Last (sort of) encounter.

As an aside, I made this map with one eye...my left eye hurts like the blazes since I woke up this morning unless I keep it closed. So, unable to work today, I decided I'd try knocking this last one off. If any of you less stereoscopically-challenged folk spot something that doesn't look decent, please let me know.

----------


## Aegeri

Even with one eye only Wonko, I can assure you that your cartography is a wonderful job and much better than what I could accomplish with both of mine  :Very Happy:

----------


## Kolyana

Ah CC3 - nice, nice; I use PF software myself, too. Have you looked at their diorama packs?

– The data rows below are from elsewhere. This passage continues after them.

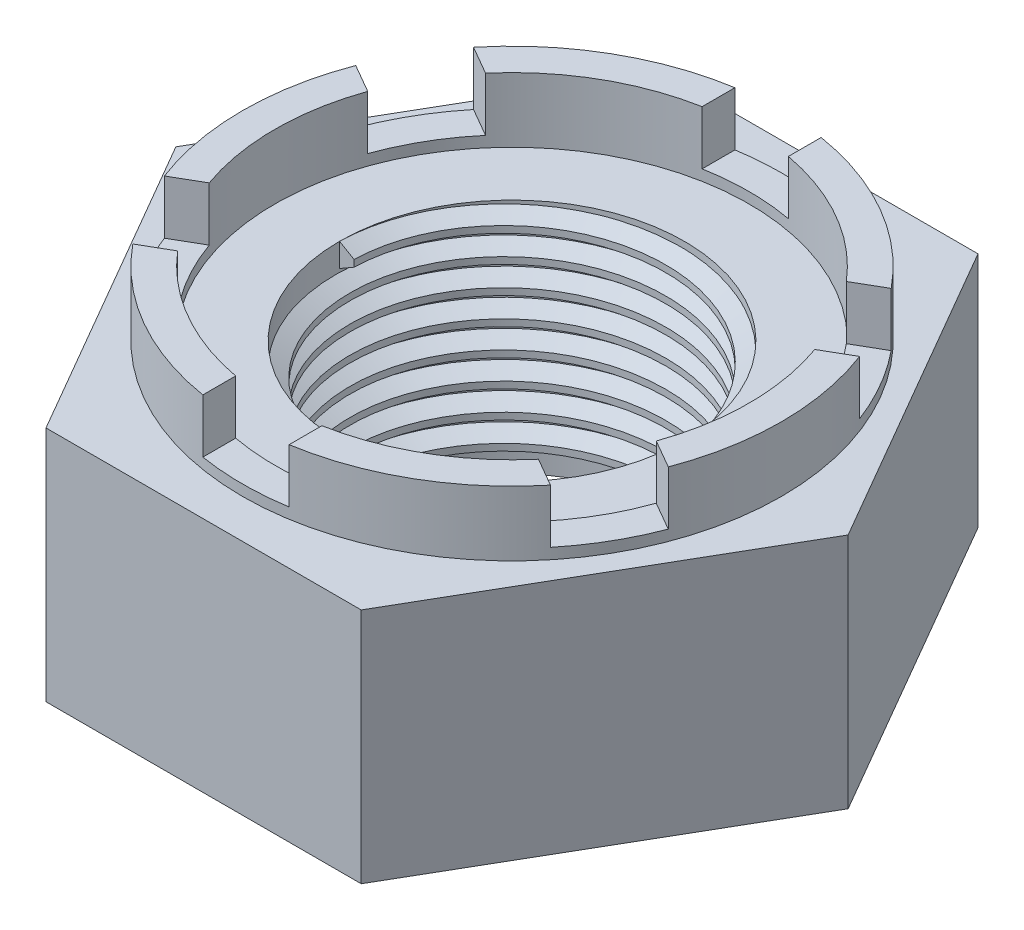
SolidWorks part; units mm, degrees
ref_plane "Front Plane" through (0, 0, 0) normal (0, 0, 1) x (1, 0, 0)
ref_plane "Top Plane" through (0, 0, 0) normal (0, 1, 0) x (1, 0, 0)
ref_plane "Right Plane" through (0, 0, 0) normal (1, 0, 0) x (0, 0, -1)
sketch "Sketch2" plane through (0, 0, 0) normal (0, 1, 0) x (1, 0, 0)
  line L0 (15.59, 0) -> (0, 0) construction
  line L1 (0, 0) -> (0, 16.5509) construction
  line L2 (-7.3096, 14.3042) -> (7.3096, 14.3042)
  line L3 (7.3096, 14.3042) -> (15.59, 0)
  line L4 (-7.3096, 14.3042) -> (-15.59, 0)
  line L5 (0, 0) -> (-15.59, 0) construction
  line L6 (-7.3096, -14.3042) -> (-15.59, 0)
  line L7 (-7.3096, -14.3042) -> (7.3096, -14.3042)
  line L8 (7.3096, -14.3042) -> (15.59, 0)
  circle A0 centre (0, 0) radius 8
  point P8 (0, 14.3042)
  dimension "D1" = 31.18
  dimension "D3" = 16
  dimension "D2" = 27
extrude "Boss-Extrude1" add sketch "Sketch2" along normal blind 11
thread "Thread2" pitch 1.25 method extrude profile "Thread Profile3" start angle 0, offset 0, length 10, pitch 1.25, diameter 16
ref_plane "Plane3" through (-8, 11, 0) normal (0, 0, 1) x (-1, 0, 0)
sketch "Thread Profile3" plane through (-8, 11, 0) normal (0, 0, 1) x (-1, 0, 0)
  line L0 (0, 0) -> (0, 1.25) construction
  line L11 (0, 0) -> (0, 1.0937)
  line L12 (0, 1.0937) -> (-0.6766, 0.7031)
  line L13 (-0.6766, 0.7031) -> (-0.6766, 0.3906)
  line L15 (-0.6766, 0.3906) -> (0, 0)
  line L17 (-0.6766, 0.5469) -> (0, 0.5469) construction
  point P2 (0, 0)
  dimension "Pitch" = 1.25
  dimension "Profile_Angle" = 60
  dimension "Profile_Land" = 0.3125
  dimension "Profile_Height" = 0.6766
sketch "Sketch11" plane through (0, 11, 0) normal (0, 1, 0) x (1, 0, 0)
  line L0 (0, 0) -> (0, 14.3042) construction
  line L1 (7.3096, 14.3042) -> (-7.3096, 14.3042) construction
  line L2 (0, 0) -> (15.59, 0) construction
  circle A0 centre (0, 0) radius 12.5
  circle A1 centre (0, 0) radius 11
  dimension "D1" = 25
  dimension "D2" = 22
extrude "Boss-Extrude2" add sketch "Sketch11" along normal blind 3
sketch "Sketch12" plane through (0, 14, 0) normal (0, 1, 0) x (1, 0, 0)
  line L0 (0, 0) -> (0, 16.0691) construction
  line L3 (-2, 12.8856) -> (2, 12.8856)
  line L4 (-2, 12.8856) -> (-2, 10.5635)
  line L5 (-2, 10.5635) -> (2, 10.5635)
  line L6 (2, 12.8856) -> (2, 10.5635)
  line L7 (-2, 12.8856) -> (2, 10.5635) construction
  line L8 (-2, 10.5635) -> (2, 12.8856) construction
  point P0 (0, 11.7245)
  point P8 (0, 0)
  dimension "D1" = 4
extrude "Cut-Extrude1" cut sketch "Sketch12" against normal blind 2.5
pattern_circular "CirPattern1" count 6 over 360 about axis through (0, 14, 0) along (0, 1, 0) of "Cut-Extrude1"
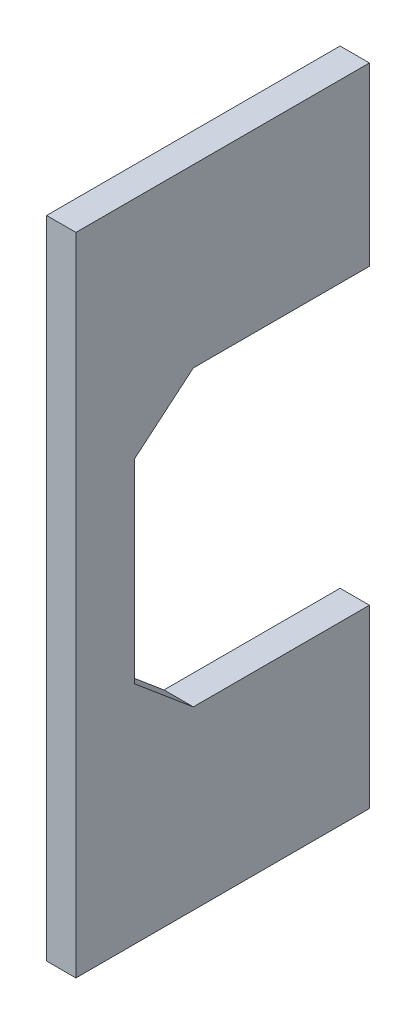
SolidWorks part; units mm, degrees
ref_plane "Front" through (0, 0, 0) normal (0, 0, 1) x (1, 0, 0)
ref_plane "Top" through (0, 0, 0) normal (0, 1, 0) x (1, 0, 0)
ref_plane "Right" through (0, 0, 0) normal (1, 0, 0) x (0, 0, -1)
sketch "Skizze1" plane through (0, 0, 0) normal (1, 0, 0) x (0, 0, -1)
  line L1 (0, 0) -> (50, 0)
  line L2 (0, 0) -> (0, 110)
  line L3 (0, 110) -> (50, 110)
  line L4 (50, 0) -> (50, 110)
  dimension "D1" = 50
  dimension "D2" = 110
extrude "Aufsatz-Linear austragen1" add sketch "Skizze1" along normal blind 5
sketch "Skizze2" plane through (5, 0, 0) normal (1, 0, 0) x (0, 0, -1)
  line L0 (50, 55) -> (10, 55) construction
  line L1 (50, 0) -> (50, 110) construction
  line L2 (10, 38.391) -> (10, 71.609)
  line L3 (10, 71.609) -> (20, 80)
  line L4 (20, 80) -> (50, 80)
  line L5 (50, 80) -> (50, 30)
  line L6 (10, 38.391) -> (20, 30)
  line L7 (20, 30) -> (50, 30)
  dimension "D1" = 30
  dimension "D2" = 50
  dimension "D3" = 140
  dimension "D4" = 40
extrude "Schnitt-Linear austragen1" cut sketch "Skizze2" against normal through all

And with the tiles, I'm curious, how are you printing them out (size, stock, borderless or trimming down) and does the white background detract from the overall result - or are you cutting everything to the SHAPE of the corridors and rooms?

----------


## Wonko the Sane

What I usually do is use PosteRazor to slice the map up into 8 1/2 x 11 pieces as a .pdf, smuggle them into work on a thumb drive, and then print them off. I tape all of the pieces together and then when playing, I cover undiscovered portions of the map with black construction paper, removing them as needed.

----------


## Gamerprinter

Hah, what I do is open the files in Photoshop and send them full scale to my Canon IP8100 42 inch wide inkjet printer and print the maps at full scale, and if I am in the mood, then I also laminate them at full scale. I don't want to play with a taped together map monstrosity - I want one whole map. I've even printed a map at 42" x 10 feet long for one campaign battle.

GP

----------


## Jaxilon

> Hah, what I do is open the files in Photoshop and send them full scale to my Canon IP8100 42 inch wide inkjet printer and print the maps at full scale, and if I am in the mood, then I also laminate them at full scale. I don't want to play with a taped together map monstrosity - I want one whole map. I've even printed a map at 42" x 10 feet long for one campaign battle.
> 
> GP


Yeah well, when I figure out what I can do with my workplace tools of the trade I'll get back to ya and then you'll be sorry you bragged,  :Razz:

----------


## Gamerprinter

Well, at my workplace, I am the boss, so I won't get in trouble using 'company equipment'... also as a digital printer part of larger network of printers, I can get discounted prices for most any kind of printing, that which I can't handle myself. Not that anyone else couldn't do this, I work with many for printer only companies - they offer a lower price, so I can still resell them to a customer for a profit, but they only do services with other digital printers rather than working with direct customers like I do. Its not bragging... but a statement of fact...  :Razz:

----------


## Jaxilon

Well I'm the boss at mine as well but all I could really do with a map is waterlog it like I do my cell phones quite often, LOL.  So when I said 'bragging' it was teasingly meant. Not that I'm not jealous of your fantastic printing equipment. I just have the printers of common men, hehe. 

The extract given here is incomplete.